• **How to complete this task**:
The entries below contain a stretch that opens with the line containing "#5=PRODUCT_RELATED_PRODUCT_CATEGORY('part','',(#4));" and closes with the line containing "#9=PRODUCT_DEFINITION_SHAPE('','',#8);"; set down that stretch exactly, both ends included, and nothing else.

• **Material shown**:
/---

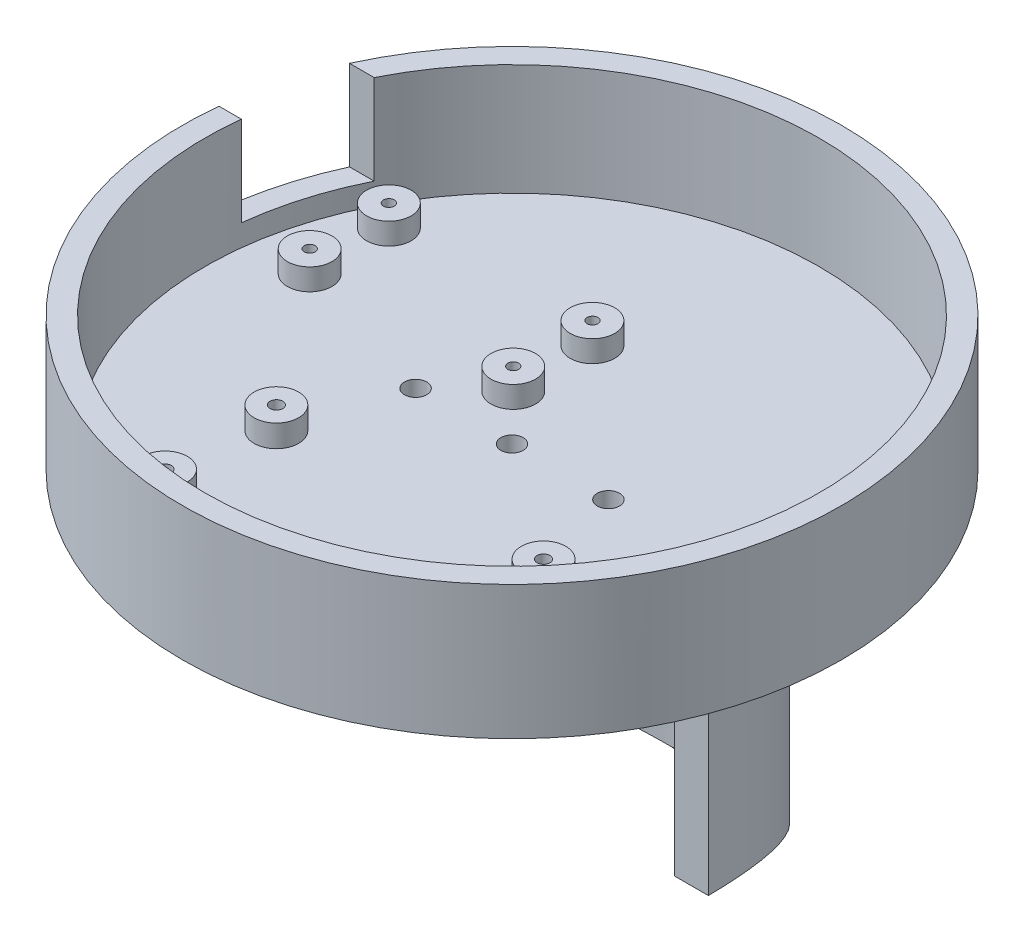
ISO-10303-21;
HEADER;
FILE_DESCRIPTION(('STEP AP214'),'2;1');
FILE_NAME('part.step','',(''),(''),'','','');
FILE_SCHEMA(('AUTOMOTIVE_DESIGN { 1 0 10303 214 1 1 1 1 }'));
ENDSEC;
DATA;
#1=APPLICATION_CONTEXT('core data for automotive mechanical design processes');
#2=APPLICATION_PROTOCOL_DEFINITION('international standard','automotive_design',2000,#1);
#3=PRODUCT_CONTEXT('',#1,'mechanical');
#4=PRODUCT('Part','Part','',(#3));
#5=PRODUCT_RELATED_PRODUCT_CATEGORY('part','',(#4));
#6=PRODUCT_DEFINITION_FORMATION('','',#4);
#7=PRODUCT_DEFINITION_CONTEXT('part definition',#1,'design');
#8=PRODUCT_DEFINITION('design','',#6,#7);
#9=PRODUCT_DEFINITION_SHAPE('','',#8);
#10=(LENGTH_UNIT() NAMED_UNIT(*) SI_UNIT(.MILLI.,.METRE.));
#11=(NAMED_UNIT(*) PLANE_ANGLE_UNIT() SI_UNIT($,.RADIAN.));
#12=(NAMED_UNIT(*) SI_UNIT($,.STERADIAN.) SOLID_ANGLE_UNIT());
#13=UNCERTAINTY_MEASURE_WITH_UNIT(LENGTH_MEASURE(1.E-05),#10,'distance_accuracy_value','');
#14=(GEOMETRIC_REPRESENTATION_CONTEXT(3) GLOBAL_UNCERTAINTY_ASSIGNED_CONTEXT((#13)) GLOBAL_UNIT_ASSIGNED_CONTEXT((#10,
#11,#12)) REPRESENTATION_CONTEXT('',''));
#15=CARTESIAN_POINT('',(0.,0.,0.));
#16=DIRECTION('',(0.,0.,1.));
#17=DIRECTION('',(1.,0.,0.));
#18=AXIS2_PLACEMENT_3D('',#15,#16,#17);
#19=CARTESIAN_POINT('',(0.,9.85142185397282,-65.816698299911));
#20=DIRECTION('',(0.,-1.,0.));
#21=DIRECTION('',(0.,0.,-1.));
#22=AXIS2_PLACEMENT_3D('',#19,#20,#21);
#23=PLANE('',#22);
#24=CARTESIAN_POINT('',(-92.3493057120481,9.85142185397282,-45.4266982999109));
#25=DIRECTION('',(0.,-1.,0.));
#26=DIRECTION('',(0.,0.,-1.));
#27=AXIS2_PLACEMENT_3D('',#24,#25,#26);
#28=CIRCLE('',#27,1.2192);
#29=CARTESIAN_POINT('',(-92.3493057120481,9.85142185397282,-46.6458982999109));
#30=VERTEX_POINT('',#29);
#31=EDGE_CURVE('E256',#30,#30,#28,.F.);
#32=ORIENTED_EDGE('',*,*,#31,.F.);
#33=EDGE_LOOP('',(#32));
#34=FACE_BOUND('',#33,.T.);
#35=CARTESIAN_POINT('',(-92.3493057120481,9.85142185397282,-45.4266982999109));
#36=DIRECTION('',(0.,1.,0.));
#37=DIRECTION('',(0.,0.,1.));
#38=AXIS2_PLACEMENT_3D('',#35,#36,#37);
#39=CIRCLE('',#38,5.);
#40=CARTESIAN_POINT('',(-92.3493057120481,9.85142185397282,-40.4266982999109));
#41=VERTEX_POINT('',#40);
#42=EDGE_CURVE('E424',#41,#41,#39,.T.);
#43=ORIENTED_EDGE('',*,*,#42,.T.);
#44=EDGE_LOOP('',(#43));
#45=FACE_BOUND('',#44,.T.);
#46=ADVANCED_FACE('F72',(#34,#45),#23,.F.);
#47=CARTESIAN_POINT('',(-92.3493057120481,9.85142185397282,-63.2066982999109));
#48=DIRECTION('',(0.,-1.,0.));
#49=DIRECTION('',(0.,0.,-1.));
#50=AXIS2_PLACEMENT_3D('',#47,#48,#49);
#51=CIRCLE('',#50,1.2192);
#52=CARTESIAN_POINT('',(-92.3493057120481,9.85142185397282,-64.425898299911));
#53=VERTEX_POINT('',#52);
#54=EDGE_CURVE('E76',#53,#53,#51,.F.);
#55=ORIENTED_EDGE('',*,*,#54,.F.);
#56=EDGE_LOOP('',(#55));
#57=FACE_BOUND('',#56,.T.);
#58=CARTESIAN_POINT('',(-92.3493057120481,9.85142185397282,-63.2066982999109));
#59=DIRECTION('',(0.,1.,0.));
#60=DIRECTION('',(0.,0.,1.));
#61=AXIS2_PLACEMENT_3D('',#58,#59,#60);
#62=CIRCLE('',#61,5.00000000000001);
#63=CARTESIAN_POINT('',(-92.3493057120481,9.85142185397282,-58.2066982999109));
#64=VERTEX_POINT('',#63);
#65=EDGE_CURVE('E432',#64,#64,#62,.T.);
#66=ORIENTED_EDGE('',*,*,#65,.T.);
#67=EDGE_LOOP('',(#66));
#68=FACE_BOUND('',#67,.T.);
#69=ADVANCED_FACE('F372',(#57,#68),#23,.F.);
#70=CARTESIAN_POINT('',(-46.6293057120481,9.85142185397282,-63.2066982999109));
#71=DIRECTION('',(0.,-1.,0.));
#72=DIRECTION('',(0.,0.,-1.));
#73=AXIS2_PLACEMENT_3D('',#70,#71,#72);
#74=CIRCLE('',#73,1.2192);
#75=CARTESIAN_POINT('',(-46.6293057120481,9.85142185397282,-64.4258982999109));
#76=VERTEX_POINT('',#75);
#77=EDGE_CURVE('E248',#76,#76,#74,.F.);
#78=ORIENTED_EDGE('',*,*,#77,.F.);
#79=EDGE_LOOP('',(#78));
#80=FACE_BOUND('',#79,.T.);
#81=CARTESIAN_POINT('',(-46.6293057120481,9.85142185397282,-63.2066982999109));
#82=DIRECTION('',(0.,1.,0.));
#83=DIRECTION('',(0.,0.,1.));
#84=AXIS2_PLACEMENT_3D('',#81,#82,#83);
#85=CIRCLE('',#84,5.);
#86=CARTESIAN_POINT('',(-46.6293057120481,9.85142185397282,-58.206698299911));
#87=VERTEX_POINT('',#86);
#88=EDGE_CURVE('E421',#87,#87,#85,.T.);
#89=ORIENTED_EDGE('',*,*,#88,.T.);
#90=EDGE_LOOP('',(#89));
#91=FACE_BOUND('',#90,.T.);
#92=ADVANCED_FACE('F379',(#80,#91),#23,.F.);
#93=CARTESIAN_POINT('',(-46.6293057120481,9.85142185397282,-45.426698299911));
#94=DIRECTION('',(0.,-1.,0.));
#95=DIRECTION('',(0.,0.,-1.));
#96=AXIS2_PLACEMENT_3D('',#93,#94,#95);
#97=CIRCLE('',#96,1.2192);
#98=CARTESIAN_POINT('',(-46.6293057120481,9.85142185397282,-46.645898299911));
#99=VERTEX_POINT('',#98);
#100=EDGE_CURVE('E252',#99,#99,#97,.F.);
#101=ORIENTED_EDGE('',*,*,#100,.F.);
#102=EDGE_LOOP('',(#101));
#103=FACE_BOUND('',#102,.T.);
#104=CARTESIAN_POINT('',(-46.6293057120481,9.85142185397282,-45.426698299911));
#105=DIRECTION('',(0.,1.,0.));
#106=DIRECTION('',(0.,0.,1.));
#107=AXIS2_PLACEMENT_3D('',#104,#105,#106);
#108=CIRCLE('',#107,5.00000000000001);
#109=CARTESIAN_POINT('',(-46.6293057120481,9.85142185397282,-40.426698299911));
#110=VERTEX_POINT('',#109);
#111=EDGE_CURVE('E412',#110,#110,#108,.T.);
#112=ORIENTED_EDGE('',*,*,#111,.T.);
#113=EDGE_LOOP('',(#112));
#114=FACE_BOUND('',#113,.T.);
#115=ADVANCED_FACE('F389',(#103,#114),#23,.F.);
#116=CARTESIAN_POINT('',(-36.5084583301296,20.,-35.0226489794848));
#117=DIRECTION('',(0.,-1.,0.));
#118=DIRECTION('',(0.,0.,-1.));
#119=AXIS2_PLACEMENT_3D('',#116,#117,#118);
#120=CYLINDRICAL_SURFACE('',#119,74.);
#121=CARTESIAN_POINT('',(-36.5084583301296,0.,-35.0226489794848));
#122=DIRECTION('',(0.,1.,0.));
#123=DIRECTION('',(0.,0.,1.));
#124=AXIS2_PLACEMENT_3D('',#121,#122,#123);
#125=CIRCLE('',#124,74.);
#126=CARTESIAN_POINT('',(-36.5084583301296,0.,38.9773510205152));
#127=VERTEX_POINT('',#126);
#128=EDGE_CURVE('E982',#127,#127,#125,.T.);
#129=ORIENTED_EDGE('',*,*,#128,.T.);
#130=EDGE_LOOP('',(#129));
#131=FACE_BOUND('',#130,.T.);
#132=DIRECTION('',(0.,-1.,0.));
#133=VECTOR('',#132,1.);
#134=CARTESIAN_POINT('',(-103.796841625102,20.,-65.816698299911));
#135=LINE('',#134,#133);
#136=CARTESIAN_POINT('',(-103.796841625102,30.,-65.816698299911));
#137=VERTEX_POINT('',#136);
#138=CARTESIAN_POINT('',(-103.796841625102,9.85142185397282,-65.816698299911));
#139=VERTEX_POINT('',#138);
#140=EDGE_CURVE('E284',#137,#139,#135,.T.);
#141=ORIENTED_EDGE('',*,*,#140,.F.);
#142=CARTESIAN_POINT('',(-36.5084583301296,30.,-35.0226489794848));
#143=DIRECTION('',(0.,1.,0.));
#144=DIRECTION('',(0.,0.,1.));
#145=AXIS2_PLACEMENT_3D('',#142,#143,#144);
#146=CIRCLE('',#145,74.);
#147=CARTESIAN_POINT('',(-110.096859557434,30.,-42.816698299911));
#148=VERTEX_POINT('',#147);
#149=EDGE_CURVE('E307',#148,#137,#146,.T.);
#150=ORIENTED_EDGE('',*,*,#149,.F.);
#151=DIRECTION('',(0.,-1.,0.));
#152=VECTOR('',#151,1.);
#153=CARTESIAN_POINT('',(-110.096859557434,20.,-42.816698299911));
#154=LINE('',#153,#152);
#155=CARTESIAN_POINT('',(-110.096859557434,9.85142185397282,-42.816698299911));
#156=VERTEX_POINT('',#155);
#157=EDGE_CURVE('E272',#148,#156,#154,.T.);
#158=ORIENTED_EDGE('',*,*,#157,.T.);
#159=CARTESIAN_POINT('',(-36.5084583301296,9.85142185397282,-35.0226489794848));
#160=DIRECTION('',(0.,-1.,0.));
#161=DIRECTION('',(0.,0.,-1.));
#162=AXIS2_PLACEMENT_3D('',#159,#160,#161);
#163=CIRCLE('',#162,74.);
#164=EDGE_CURVE('E263',#156,#139,#163,.T.);
#165=ORIENTED_EDGE('',*,*,#164,.T.);
#166=EDGE_LOOP('',(#141,#150,#158,#165));
#167=FACE_BOUND('',#166,.T.);
#168=ADVANCED_FACE('F74',(#131,#167),#120,.T.);
#169=CARTESIAN_POINT('',(-36.5084583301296,30.,-35.0226489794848));
#170=DIRECTION('',(0.,1.,0.));
#171=DIRECTION('',(0.,0.,1.));
#172=AXIS2_PLACEMENT_3D('',#169,#170,#171);
#173=PLANE('',#172);
#174=ORIENTED_EDGE('',*,*,#149,.T.);
#175=DIRECTION('',(1.,0.,0.));
#176=VECTOR('',#175,1.);
#177=CARTESIAN_POINT('',(-36.5084583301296,30.,-65.816698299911));
#178=LINE('',#177,#176);
#179=CARTESIAN_POINT('',(-98.255737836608,30.,-65.816698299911));
#180=VERTEX_POINT('',#179);
#181=EDGE_CURVE('E280',#137,#180,#178,.T.);
#182=ORIENTED_EDGE('',*,*,#181,.T.);
#183=CARTESIAN_POINT('',(-36.5084583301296,30.,-35.0226489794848));
#184=DIRECTION('',(0.,1.,0.));
#185=DIRECTION('',(0.,0.,1.));
#186=AXIS2_PLACEMENT_3D('',#183,#184,#185);
#187=CIRCLE('',#186,69.);
#188=CARTESIAN_POINT('',(-105.066848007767,30.,-42.816698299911));
#189=VERTEX_POINT('',#188);
#190=EDGE_CURVE('E303',#189,#180,#187,.T.);
#191=ORIENTED_EDGE('',*,*,#190,.F.);
#192=DIRECTION('',(1.,0.,0.));
#193=VECTOR('',#192,1.);
#194=CARTESIAN_POINT('',(-36.5084583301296,30.,-42.816698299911));
#195=LINE('',#194,#193);
#196=EDGE_CURVE('E89',#148,#189,#195,.T.);
#197=ORIENTED_EDGE('',*,*,#196,.F.);
#198=EDGE_LOOP('',(#174,#182,#191,#197));
#199=FACE_BOUND('',#198,.T.);
#200=ADVANCED_FACE('F405',(#199),#173,.T.);
#201=CARTESIAN_POINT('',(-36.5084583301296,30.,-35.0226489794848));
#202=DIRECTION('',(0.,-1.,0.));
#203=DIRECTION('',(0.,0.,-1.));
#204=AXIS2_PLACEMENT_3D('',#201,#202,#203);
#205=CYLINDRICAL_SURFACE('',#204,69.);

\---

• **Completed exercise**:
#5=PRODUCT_RELATED_PRODUCT_CATEGORY('part','',(#4));
#6=PRODUCT_DEFINITION_FORMATION('','',#4);
#7=PRODUCT_DEFINITION_CONTEXT('part definition',#1,'design');
#8=PRODUCT_DEFINITION('design','',#6,#7);
#9=PRODUCT_DEFINITION_SHAPE('','',#8);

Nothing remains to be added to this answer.